Figure 3. Affinity-purification of candidate Gal-1 ligands from human melanoma cells implicates MCAM as a major Gal-1 ligand

In (a), primary metastatic melanoma cells or melanoma cell line lysates were blotted with Gal-1hFc or control anti-MCAM. As shown in (b), the top 10 proteins and corresponding number of peptide matches identified by tandem MS/MS of elutes from protein G affinity chromatography with Gal-1hFc or negative control dmGal-1hFc and G361 cell lysate are listed. In (c), control activated human T cell or melanoma G361 cell lysate and eluates from protein G affinity chromatography with Gal-1hFc or negative control dmGal-1hFc were blotted with anti-CD45RO or anti-MCAM. Arrows indicate the presence of T cell CD45RO at 190kDa and melanoma cell MCAM at 120kD.

Figure 4. N-glycosylated MCAM binds Gal-1 and is a major contributor of total melanoma cell ligand activity

Anti-MCAM immunoprecipitates from G361 (a) or primary melanoma cell lysates (b) were blotted with Gal-1hFc or anti-MCAM. In (c), anti-CD45RO immunoprecipitate from activated T cell lysate or anti-MCAM immunoprecipitate from A375 and G316 cell lysates were blotted with anti-CD45RO, anti-MCAM or Gal-1hFc. Anti-MCAM immunoprecipitate from A375 and G361 cell lysates were treated with PNGase and blotted with Gal-1hFc or anti-MCAM (d). Scr or MCAM^KD A375 and G361 cell lysates were blotted with anti-MCAM or anti-ß-actin (e). In (f), Scr or MCAM^KD A375 and G361 cells were analyzed for MCAM and Gal-1 ligand by flow cytometry (**p<0.01 and ***p<0.001; statistically significance compared with Scr control). All experiments were performed three-times.

Figure 5. ST6GalNAc2 is downregulated in melanoma cells and is a putative regulator of O-glycan-dependent Gal-1 ligand activity

Kifunensine-treated A375 and G361 cells were assayed for Gal-1 ligand activity by flow cytometry with Gal-1hFc or controls (a). Real-time RT-qPCR analysis was performed on HEM, G361 and A375 cells (b) and 11 other melanoma cell lines (c). Relative ST6GalNAc2 expression level was normalized to expression in HEM over 3-experiments and expressed as Mean±SEM. Gal-1hFc- (d) and LEA-binding (e) of control or ST6^O/E melanoma cells were analyzed by flow cytometry. In (f), an illustration of ST6GalNAc2’s role on the biosynthesis and putative inhibition of Gal-1-binding to O-glycans. **p<0.01 and ***p<0.001 – statistical significance compared with untreated controls or HEM.
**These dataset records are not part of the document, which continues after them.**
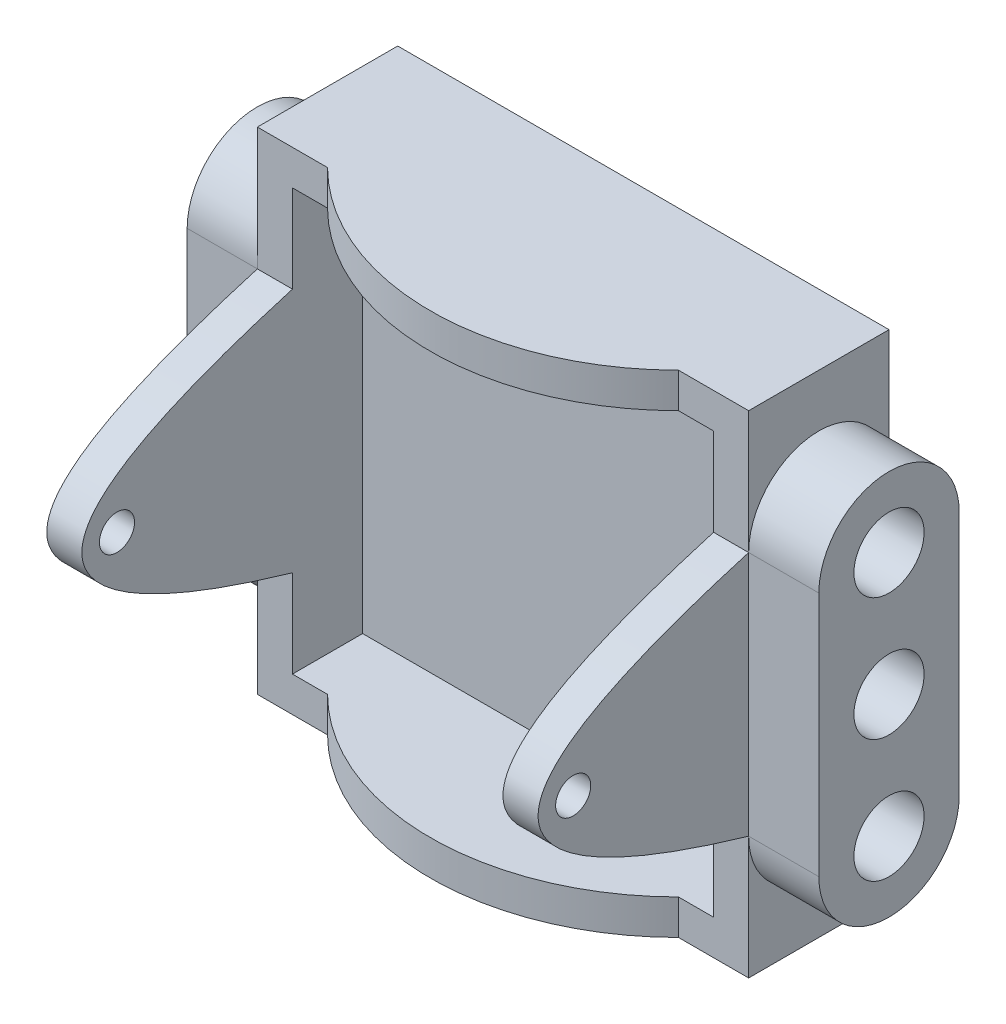
ISO-10303-21;
HEADER;
FILE_DESCRIPTION(('STEP AP214'),'2;1');
FILE_NAME('part.step','',(''),(''),'','','');
FILE_SCHEMA(('AUTOMOTIVE_DESIGN { 1 0 10303 214 1 1 1 1 }'));
ENDSEC;
DATA;
#1=APPLICATION_CONTEXT('core data for automotive mechanical design processes');
#2=APPLICATION_PROTOCOL_DEFINITION('international standard','automotive_design',2000,#1);
#3=PRODUCT_CONTEXT('',#1,'mechanical');
#4=PRODUCT('Part','Part','',(#3));
#5=PRODUCT_RELATED_PRODUCT_CATEGORY('part','',(#4));
#6=PRODUCT_DEFINITION_FORMATION('','',#4);
#7=PRODUCT_DEFINITION_CONTEXT('part definition',#1,'design');
#8=PRODUCT_DEFINITION('design','',#6,#7);
#9=PRODUCT_DEFINITION_SHAPE('','',#8);
#10=(LENGTH_UNIT() NAMED_UNIT(*) SI_UNIT(.MILLI.,.METRE.));
#11=(NAMED_UNIT(*) PLANE_ANGLE_UNIT() SI_UNIT($,.RADIAN.));
#12=(NAMED_UNIT(*) SI_UNIT($,.STERADIAN.) SOLID_ANGLE_UNIT());
#13=UNCERTAINTY_MEASURE_WITH_UNIT(LENGTH_MEASURE(1.E-05),#10,'distance_accuracy_value','');
#14=(GEOMETRIC_REPRESENTATION_CONTEXT(3) GLOBAL_UNCERTAINTY_ASSIGNED_CONTEXT((#13)) GLOBAL_UNIT_ASSIGNED_CONTEXT((#10,
#11,#12)) REPRESENTATION_CONTEXT('',''));
#15=CARTESIAN_POINT('',(0.,0.,0.));
#16=DIRECTION('',(0.,0.,1.));
#17=DIRECTION('',(1.,0.,0.));
#18=AXIS2_PLACEMENT_3D('',#15,#16,#17);
#19=CARTESIAN_POINT('',(9.525,-9.525,3.175));
#20=DIRECTION('',(1.,0.,0.));
#21=DIRECTION('',(0.,0.,-1.));
#22=AXIS2_PLACEMENT_3D('',#19,#20,#21);
#23=PLANE('',#22);
#24=CARTESIAN_POINT('',(9.525,-5.55625,6.35));
#25=CARTESIAN_POINT('',(9.525,0.,25.4));
#26=CARTESIAN_POINT('',(9.525,5.55625,6.35));
#27=B_SPLINE_CURVE_WITH_KNOTS('',2,(#24,#25,#26),.UNSPECIFIED.,.F.,.F.,(3,3),(0.,1.),.UNSPECIFIED.);
#28=CARTESIAN_POINT('',(9.525,5.55625,6.34999999999999));
#29=VERTEX_POINT('',#28);
#30=CARTESIAN_POINT('',(9.525,-5.55625,6.35));
#31=VERTEX_POINT('',#30);
#32=EDGE_CURVE('E509',#29,#31,#27,.F.);
#33=ORIENTED_EDGE('',*,*,#32,.F.);
#34=DIRECTION('',(0.,-1.,0.));
#35=VECTOR('',#34,1.);
#36=CARTESIAN_POINT('',(9.525,0.,6.34999999999999));
#37=LINE('',#36,#35);
#38=CARTESIAN_POINT('',(9.525,9.525,6.35));
#39=VERTEX_POINT('',#38);
#40=EDGE_CURVE('E501',#39,#29,#37,.T.);
#41=ORIENTED_EDGE('',*,*,#40,.F.);
#42=DIRECTION('',(0.,0.,1.));
#43=VECTOR('',#42,1.);
#44=CARTESIAN_POINT('',(9.525,9.525,3.175));
#45=LINE('',#44,#43);
#46=CARTESIAN_POINT('',(9.525,9.525,3.175));
#47=VERTEX_POINT('',#46);
#48=EDGE_CURVE('E506',#47,#39,#45,.T.);
#49=ORIENTED_EDGE('',*,*,#48,.F.);
#50=DIRECTION('',(0.,1.,0.));
#51=VECTOR('',#50,1.);
#52=CARTESIAN_POINT('',(9.525,-9.525,3.175));
#53=LINE('',#52,#51);
#54=CARTESIAN_POINT('',(9.525,-9.525,3.175));
#55=VERTEX_POINT('',#54);
#56=EDGE_CURVE('E576',#55,#47,#53,.T.);
#57=ORIENTED_EDGE('',*,*,#56,.F.);
#58=DIRECTION('',(0.,0.,1.));
#59=VECTOR('',#58,1.);
#60=CARTESIAN_POINT('',(9.525,-9.525,3.175));
#61=LINE('',#60,#59);
#62=CARTESIAN_POINT('',(9.525,-9.525,6.35));
#63=VERTEX_POINT('',#62);
#64=EDGE_CURVE('E546',#55,#63,#61,.T.);
#65=ORIENTED_EDGE('',*,*,#64,.T.);
#66=DIRECTION('',(0.,1.,0.));
#67=VECTOR('',#66,1.);
#68=CARTESIAN_POINT('',(9.525,0.,6.35));
#69=LINE('',#68,#67);
#70=EDGE_CURVE('E594',#63,#31,#69,.T.);
#71=ORIENTED_EDGE('',*,*,#70,.T.);
#72=EDGE_LOOP('',(#33,#41,#49,#57,#65,#71));
#73=FACE_BOUND('',#72,.T.);
#74=CARTESIAN_POINT('',(9.525,0.,14.2875));
#75=DIRECTION('',(1.,0.,0.));
#76=DIRECTION('',(0.,0.,-1.));
#77=AXIS2_PLACEMENT_3D('',#74,#75,#76);
#78=CIRCLE('',#77,0.793749999999999);
#79=CARTESIAN_POINT('',(9.525,0.,13.49375));
#80=VERTEX_POINT('',#79);
#81=EDGE_CURVE('E932',#80,#80,#78,.T.);
#82=ORIENTED_EDGE('',*,*,#81,.T.);
#83=EDGE_LOOP('',(#82));
#84=FACE_BOUND('',#83,.T.);
#85=ADVANCED_FACE('F351',(#73,#84),#23,.F.);
#86=CARTESIAN_POINT('',(11.1125,0.,0.));
#87=DIRECTION('',(1.,0.,0.));
#88=DIRECTION('',(0.,0.,1.));
#89=AXIS2_PLACEMENT_3D('',#86,#87,#88);
#90=PLANE('',#89);
#91=DIRECTION('',(0.,1.,0.));
#92=VECTOR('',#91,1.);
#93=CARTESIAN_POINT('',(11.1125,0.,6.35));
#94=LINE('',#93,#92);
#95=CARTESIAN_POINT('',(11.1125,-5.55625,6.35));
#96=VERTEX_POINT('',#95);
#97=CARTESIAN_POINT('',(11.1125,5.55625,6.35));
#98=VERTEX_POINT('',#97);
#99=EDGE_CURVE('E733',#96,#98,#94,.T.);
#100=ORIENTED_EDGE('',*,*,#99,.T.);
#101=CARTESIAN_POINT('',(11.1125,-5.55625,6.35));
#102=CARTESIAN_POINT('',(11.1125,0.,25.4));
#103=CARTESIAN_POINT('',(11.1125,5.55625,6.35));
#104=B_SPLINE_CURVE_WITH_KNOTS('',2,(#101,#102,#103),.UNSPECIFIED.,.F.,.F.,(3,3),(0.,1.),.UNSPECIFIED.);
#105=EDGE_CURVE('E602',#96,#98,#104,.T.);
#106=ORIENTED_EDGE('',*,*,#105,.F.);
#107=EDGE_LOOP('',(#100,#106));
#108=FACE_BOUND('',#107,.T.);
#109=CARTESIAN_POINT('',(11.1125,0.,14.2875));
#110=DIRECTION('',(-1.,0.,0.));
#111=DIRECTION('',(0.,0.,1.));
#112=AXIS2_PLACEMENT_3D('',#109,#110,#111);
#113=CIRCLE('',#112,0.793749999999999);
#114=CARTESIAN_POINT('',(11.1125,0.,15.08125));
#115=VERTEX_POINT('',#114);
#116=EDGE_CURVE('E515',#115,#115,#113,.T.);
#117=ORIENTED_EDGE('',*,*,#116,.T.);
#118=EDGE_LOOP('',(#117));
#119=FACE_BOUND('',#118,.T.);
#120=ADVANCED_FACE('F922',(#108,#119),#90,.T.);
#121=CARTESIAN_POINT('',(-14.2875,-11.1125,15.875));
#122=DIRECTION('',(0.,1.,0.));
#123=DIRECTION('',(0.,0.,1.));
#124=AXIS2_PLACEMENT_3D('',#121,#122,#123);
#125=PLANE('',#124);
#126=DIRECTION('',(0.,0.,1.));
#127=VECTOR('',#126,1.);
#128=CARTESIAN_POINT('',(11.1125,-11.1125,0.));
#129=LINE('',#128,#127);
#130=CARTESIAN_POINT('',(11.1125,-11.1125,0.));
#131=VERTEX_POINT('',#130);
#132=CARTESIAN_POINT('',(11.1125,-11.1125,6.35));
#133=VERTEX_POINT('',#132);
#134=EDGE_CURVE('E725',#131,#133,#129,.T.);
#135=ORIENTED_EDGE('',*,*,#134,.T.);
#136=DIRECTION('',(-1.,0.,0.));
#137=VECTOR('',#136,1.);
#138=CARTESIAN_POINT('',(0.,-11.1125,6.35));
#139=LINE('',#138,#137);
#140=CARTESIAN_POINT('',(7.9375,-11.1125,6.35));
#141=VERTEX_POINT('',#140);
#142=EDGE_CURVE('E659',#133,#141,#139,.T.);
#143=ORIENTED_EDGE('',*,*,#142,.T.);
#144=CARTESIAN_POINT('',(0.,-11.1125,-1.58749999999998));
#145=DIRECTION('',(0.,1.,0.));
#146=DIRECTION('',(0.,0.,1.));
#147=AXIS2_PLACEMENT_3D('',#144,#145,#146);
#148=CIRCLE('',#147,11.2253201513364);
#149=CARTESIAN_POINT('',(-7.9375,-11.1125,6.35));
#150=VERTEX_POINT('',#149);
#151=EDGE_CURVE('E649',#150,#141,#148,.T.);
#152=ORIENTED_EDGE('',*,*,#151,.F.);
#153=DIRECTION('',(1.,0.,0.));
#154=VECTOR('',#153,1.);
#155=CARTESIAN_POINT('',(0.,-11.1125,6.35));
#156=LINE('',#155,#154);
#157=CARTESIAN_POINT('',(-11.1125,-11.1125,6.35));
#158=VERTEX_POINT('',#157);
#159=EDGE_CURVE('E655',#158,#150,#156,.T.);
#160=ORIENTED_EDGE('',*,*,#159,.F.);
#161=DIRECTION('',(0.,0.,1.));
#162=VECTOR('',#161,1.);
#163=CARTESIAN_POINT('',(-11.1125,-11.1125,0.));
#164=LINE('',#163,#162);
#165=CARTESIAN_POINT('',(-11.1125,-11.1125,0.));
#166=VERTEX_POINT('',#165);
#167=EDGE_CURVE('E799',#166,#158,#164,.T.);
#168=ORIENTED_EDGE('',*,*,#167,.F.);
#169=DIRECTION('',(1.,0.,0.));
#170=VECTOR('',#169,1.);
#171=CARTESIAN_POINT('',(-14.2875,-11.1125,0.));
#172=LINE('',#171,#170);
#173=EDGE_CURVE('E554',#166,#131,#172,.T.);
#174=ORIENTED_EDGE('',*,*,#173,.T.);
#175=EDGE_LOOP('',(#135,#143,#152,#160,#168,#174));
#176=FACE_BOUND('',#175,.T.);
#177=ADVANCED_FACE('F925',(#176),#125,.F.);
#178=CARTESIAN_POINT('',(11.1125,-5.55625,3.175));
#179=DIRECTION('',(-1.,0.,0.));
#180=DIRECTION('',(0.,0.,1.));
#181=AXIS2_PLACEMENT_3D('',#178,#179,#180);
#182=CIRCLE('',#181,3.175);
#183=CARTESIAN_POINT('',(11.1125,-5.55625,0.));
#184=VERTEX_POINT('',#183);
#185=EDGE_CURVE('E729',#184,#96,#182,.T.);
#186=ORIENTED_EDGE('',*,*,#185,.T.);
#187=DIRECTION('',(0.,-1.,0.));
#188=VECTOR('',#187,1.);
#189=CARTESIAN_POINT('',(11.1125,0.,6.35));
#190=LINE('',#189,#188);
#191=EDGE_CURVE('E898',#96,#133,#190,.T.);
#192=ORIENTED_EDGE('',*,*,#191,.T.);
#193=ORIENTED_EDGE('',*,*,#134,.F.);
#194=DIRECTION('',(0.,-1.,0.));
#195=VECTOR('',#194,1.);
#196=CARTESIAN_POINT('',(11.1125,0.,0.));
#197=LINE('',#196,#195);
#198=EDGE_CURVE('E722',#184,#131,#197,.T.);
#199=ORIENTED_EDGE('',*,*,#198,.F.);
#200=EDGE_LOOP('',(#186,#192,#193,#199));
#201=FACE_BOUND('',#200,.T.);
#202=ADVANCED_FACE('F927',(#201),#90,.T.);
#203=CARTESIAN_POINT('',(-9.525,-9.525,3.175));
#204=DIRECTION('',(-1.,0.,0.));
#205=DIRECTION('',(0.,0.,1.));
#206=AXIS2_PLACEMENT_3D('',#203,#204,#205);
#207=PLANE('',#206);
#208=CARTESIAN_POINT('',(-9.525,0.,14.2875));
#209=DIRECTION('',(-1.,0.,0.));
#210=DIRECTION('',(0.,0.,1.));
#211=AXIS2_PLACEMENT_3D('',#208,#209,#210);
#212=CIRCLE('',#211,0.793749999999999);
#213=CARTESIAN_POINT('',(-9.525,0.,15.08125));
#214=VERTEX_POINT('',#213);
#215=EDGE_CURVE('E889',#214,#214,#212,.F.);
#216=ORIENTED_EDGE('',*,*,#215,.F.);
#217=EDGE_LOOP('',(#216));
#218=FACE_BOUND('',#217,.T.);
#219=CARTESIAN_POINT('',(-9.525,-5.55625,6.35));
#220=CARTESIAN_POINT('',(-9.525,0.,25.4));
#221=CARTESIAN_POINT('',(-9.525,5.55625,6.35));
#222=B_SPLINE_CURVE_WITH_KNOTS('',2,(#219,#220,#221),.UNSPECIFIED.,.F.,.F.,(3,3),(0.,1.),.UNSPECIFIED.);
#223=CARTESIAN_POINT('',(-9.525,5.55625,6.35));
#224=VERTEX_POINT('',#223);
#225=CARTESIAN_POINT('',(-9.525,-5.55625,6.35));
#226=VERTEX_POINT('',#225);
#227=EDGE_CURVE('E859',#224,#226,#222,.F.);
#228=ORIENTED_EDGE('',*,*,#227,.T.);
#229=DIRECTION('',(0.,1.,0.));
#230=VECTOR('',#229,1.);
#231=CARTESIAN_POINT('',(-9.52499999999999,-11.1125,6.35));
#232=LINE('',#231,#230);
#233=CARTESIAN_POINT('',(-9.52499999999999,-9.525,6.35));
#234=VERTEX_POINT('',#233);
#235=EDGE_CURVE('E882',#234,#226,#232,.T.);
#236=ORIENTED_EDGE('',*,*,#235,.F.);
#237=DIRECTION('',(0.,0.,1.));
#238=VECTOR('',#237,1.);
#239=CARTESIAN_POINT('',(-9.525,-9.525,3.175));
#240=LINE('',#239,#238);
#241=CARTESIAN_POINT('',(-9.525,-9.525,3.175));
#242=VERTEX_POINT('',#241);
#243=EDGE_CURVE('E534',#242,#234,#240,.T.);
#244=ORIENTED_EDGE('',*,*,#243,.F.);
#245=DIRECTION('',(0.,-1.,0.));
#246=VECTOR('',#245,1.);
#247=CARTESIAN_POINT('',(-9.525,-9.525,3.175));
#248=LINE('',#247,#246);
#249=CARTESIAN_POINT('',(-9.525,9.525,3.175));
#250=VERTEX_POINT('',#249);
#251=EDGE_CURVE('E537',#250,#242,#248,.T.);
#252=ORIENTED_EDGE('',*,*,#251,.F.);
#253=DIRECTION('',(0.,0.,1.));
#254=VECTOR('',#253,1.);
#255=CARTESIAN_POINT('',(-9.525,9.525,3.175));
#256=LINE('',#255,#254);
#257=CARTESIAN_POINT('',(-9.525,9.525,6.35));
#258=VERTEX_POINT('',#257);
#259=EDGE_CURVE('E528',#250,#258,#256,.T.);
#260=ORIENTED_EDGE('',*,*,#259,.T.);
#261=DIRECTION('',(0.,-1.,0.));
#262=VECTOR('',#261,1.);
#263=CARTESIAN_POINT('',(-9.525,0.,6.34999999999999));
#264=LINE('',#263,#262);
#265=EDGE_CURVE('E375',#258,#224,#264,.T.);
#266=ORIENTED_EDGE('',*,*,#265,.T.);
#267=EDGE_LOOP('',(#228,#236,#244,#252,#260,#266));
#268=FACE_BOUND('',#267,.T.);
#269=ADVANCED_FACE('F568',(#218,#268),#207,.F.);
#270=CARTESIAN_POINT('',(-11.1125,0.,0.));
#271=DIRECTION('',(-1.,0.,0.));
#272=DIRECTION('',(0.,0.,1.));
#273=AXIS2_PLACEMENT_3D('',#270,#271,#272);
#274=PLANE('',#273);
#275=CARTESIAN_POINT('',(-11.1125,0.,14.2875));
#276=DIRECTION('',(-1.,0.,0.));
#277=DIRECTION('',(0.,0.,1.));
#278=AXIS2_PLACEMENT_3D('',#275,#276,#277);
#279=CIRCLE('',#278,0.793749999999999);
#280=CARTESIAN_POINT('',(-11.1125,0.,15.08125));
#281=VERTEX_POINT('',#280);
#282=EDGE_CURVE('E886',#281,#281,#279,.T.);
#283=ORIENTED_EDGE('',*,*,#282,.F.);
#284=EDGE_LOOP('',(#283));
#285=FACE_BOUND('',#284,.T.);
#286=DIRECTION('',(0.,1.,0.));
#287=VECTOR('',#286,1.);
#288=CARTESIAN_POINT('',(-11.1125,0.,6.35));
#289=LINE('',#288,#287);
#290=CARTESIAN_POINT('',(-11.1125,-5.55625,6.35));
#291=VERTEX_POINT('',#290);
#292=CARTESIAN_POINT('',(-11.1125,5.55625,6.35));
#293=VERTEX_POINT('',#292);
#294=EDGE_CURVE('E787',#291,#293,#289,.T.);
#295=ORIENTED_EDGE('',*,*,#294,.F.);
#296=CARTESIAN_POINT('',(-11.1125,-5.55625,6.35));
#297=CARTESIAN_POINT('',(-11.1125,0.,25.4));
#298=CARTESIAN_POINT('',(-11.1125,5.55625,6.35));
#299=B_SPLINE_CURVE_WITH_KNOTS('',2,(#296,#297,#298),.UNSPECIFIED.,.F.,.F.,(3,3),(0.,1.),.UNSPECIFIED.);
#300=EDGE_CURVE('E855',#291,#293,#299,.T.);
#301=ORIENTED_EDGE('',*,*,#300,.T.);
#302=EDGE_LOOP('',(#295,#301));
#303=FACE_BOUND('',#302,.T.);
#304=ADVANCED_FACE('F854',(#285,#303),#274,.T.);
#305=CARTESIAN_POINT('',(-14.2875,11.1125,15.875));
#306=DIRECTION('',(0.,-1.,0.));
#307=DIRECTION('',(0.,0.,-1.));
#308=AXIS2_PLACEMENT_3D('',#305,#306,#307);
#309=PLANE('',#308);
#310=DIRECTION('',(-1.,0.,0.));
#311=VECTOR('',#310,1.);
#312=CARTESIAN_POINT('',(0.,11.1125,6.35));
#313=LINE('',#312,#311);
#314=CARTESIAN_POINT('',(11.1125,11.1125,6.35));
#315=VERTEX_POINT('',#314);
#316=CARTESIAN_POINT('',(7.9375,11.1125,6.35));
#317=VERTEX_POINT('',#316);
#318=EDGE_CURVE('E656',#315,#317,#313,.T.);
#319=ORIENTED_EDGE('',*,*,#318,.F.);
#320=DIRECTION('',(0.,0.,-1.));
#321=VECTOR('',#320,1.);
#322=CARTESIAN_POINT('',(11.1125,11.1125,0.));
#323=LINE('',#322,#321);
#324=CARTESIAN_POINT('',(11.1125,11.1125,0.));
#325=VERTEX_POINT('',#324);
#326=EDGE_CURVE('E721',#315,#325,#323,.T.);
#327=ORIENTED_EDGE('',*,*,#326,.T.);
#328=DIRECTION('',(-1.,0.,0.));
#329=VECTOR('',#328,1.);
#330=CARTESIAN_POINT('',(-14.2875,11.1125,0.));
#331=LINE('',#330,#329);
#332=CARTESIAN_POINT('',(-11.1125,11.1125,0.));
#333=VERTEX_POINT('',#332);
#334=EDGE_CURVE('E545',#325,#333,#331,.T.);
#335=ORIENTED_EDGE('',*,*,#334,.T.);
#336=DIRECTION('',(0.,0.,-1.));
#337=VECTOR('',#336,1.);
#338=CARTESIAN_POINT('',(-11.1125,11.1125,0.));
#339=LINE('',#338,#337);
#340=CARTESIAN_POINT('',(-11.1125,11.1125,6.35));
#341=VERTEX_POINT('',#340);
#342=EDGE_CURVE('E804',#341,#333,#339,.T.);
#343=ORIENTED_EDGE('',*,*,#342,.F.);
#344=DIRECTION('',(1.,0.,0.));
#345=VECTOR('',#344,1.);
#346=CARTESIAN_POINT('',(0.,11.1125,6.35));
#347=LINE('',#346,#345);
#348=CARTESIAN_POINT('',(-7.9375,11.1125,6.35));
#349=VERTEX_POINT('',#348);
#350=EDGE_CURVE('E667',#341,#349,#347,.T.);
#351=ORIENTED_EDGE('',*,*,#350,.T.);
#352=CARTESIAN_POINT('',(0.,11.1125,-1.58749999999998));
#353=DIRECTION('',(0.,1.,0.));
#354=DIRECTION('',(0.,0.,1.));
#355=AXIS2_PLACEMENT_3D('',#352,#353,#354);
#356=CIRCLE('',#355,11.2253201513364);
#357=EDGE_CURVE('E663',#349,#317,#356,.T.);
#358=ORIENTED_EDGE('',*,*,#357,.T.);
#359=EDGE_LOOP('',(#319,#327,#335,#343,#351,#358));
#360=FACE_BOUND('',#359,.T.);
#361=ADVANCED_FACE('F956',(#360),#309,.F.);
#362=DIRECTION('',(0.,-1.,0.));
#363=VECTOR('',#362,1.);
#364=CARTESIAN_POINT('',(-11.1125,0.,6.35));
#365=LINE('',#364,#363);
#366=EDGE_CURVE('E878',#291,#158,#365,.T.);
#367=ORIENTED_EDGE('',*,*,#366,.F.);
#368=CARTESIAN_POINT('',(-11.1125,-5.55625,3.175));
#369=DIRECTION('',(-1.,0.,0.));
#370=DIRECTION('',(0.,0.,1.));
#371=AXIS2_PLACEMENT_3D('',#368,#369,#370);
#372=CIRCLE('',#371,3.175);
#373=CARTESIAN_POINT('',(-11.1125,-5.55625,0.));
#374=VERTEX_POINT('',#373);
#375=EDGE_CURVE('E792',#374,#291,#372,.T.);
#376=ORIENTED_EDGE('',*,*,#375,.F.);
#377=DIRECTION('',(0.,-1.,0.));
#378=VECTOR('',#377,1.);
#379=CARTESIAN_POINT('',(-11.1125,0.,0.));
#380=LINE('',#379,#378);
#381=EDGE_CURVE('E796',#374,#166,#380,.T.);
#382=ORIENTED_EDGE('',*,*,#381,.T.);
#383=ORIENTED_EDGE('',*,*,#167,.T.);
#384=EDGE_LOOP('',(#367,#376,#382,#383));
#385=FACE_BOUND('',#384,.T.);
#386=ADVANCED_FACE('F958',(#385),#274,.T.);
#387=CARTESIAN_POINT('',(-11.1125,5.55625,3.175));
#388=DIRECTION('',(-1.,0.,0.));
#389=DIRECTION('',(0.,0.,1.));
#390=AXIS2_PLACEMENT_3D('',#387,#388,#389);
#391=CIRCLE('',#390,3.175);
#392=CARTESIAN_POINT('',(-11.1125,5.55625,0.));
#393=VERTEX_POINT('',#392);
#394=EDGE_CURVE('E784',#293,#393,#391,.T.);
#395=ORIENTED_EDGE('',*,*,#394,.F.);
#396=DIRECTION('',(0.,1.,0.));
#397=VECTOR('',#396,1.);
#398=CARTESIAN_POINT('',(-11.1125,0.,6.34999999999999));
#399=LINE('',#398,#397);
#400=EDGE_CURVE('E668',#293,#341,#399,.T.);
#401=ORIENTED_EDGE('',*,*,#400,.T.);
#402=ORIENTED_EDGE('',*,*,#342,.T.);
#403=EDGE_CURVE('E800',#333,#393,#380,.T.);
#404=ORIENTED_EDGE('',*,*,#403,.T.);
#405=EDGE_LOOP('',(#395,#401,#402,#404));
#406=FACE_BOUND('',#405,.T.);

Figure 6. In vivo growth of melanoma cells and migration of melanoma cells on Matrigel is regulated, in part, by host Gal-1 and on melanoma cell Gal-1 ligands

Wt or Gal-1^−/− mice were inoculated s.c. with control, ST6^O/E or MCAM^KD B16 cells and monitored for tumor growth. Mean tumor volumes (SEM) (n=8/group) were calculated and plotted against time (a). In (b–e), control, ST6^O/E or MCAM^KD A375 and B16 melanoma cells pre-blocked with Gal-1hFc, hFc or lactose were assayed for formation of tube-like structures on Matrigel. Tube-like structures were illustrated in representative phase photomicrographs (Scale bars=100μm). The number of tube-like structures was expressed as % Control hFc-treated cells (*p<0.05, **p<0.01 and ***p<0.001; statistically significance compared with hFc-control cells). Data were collected from at least 3-experiments.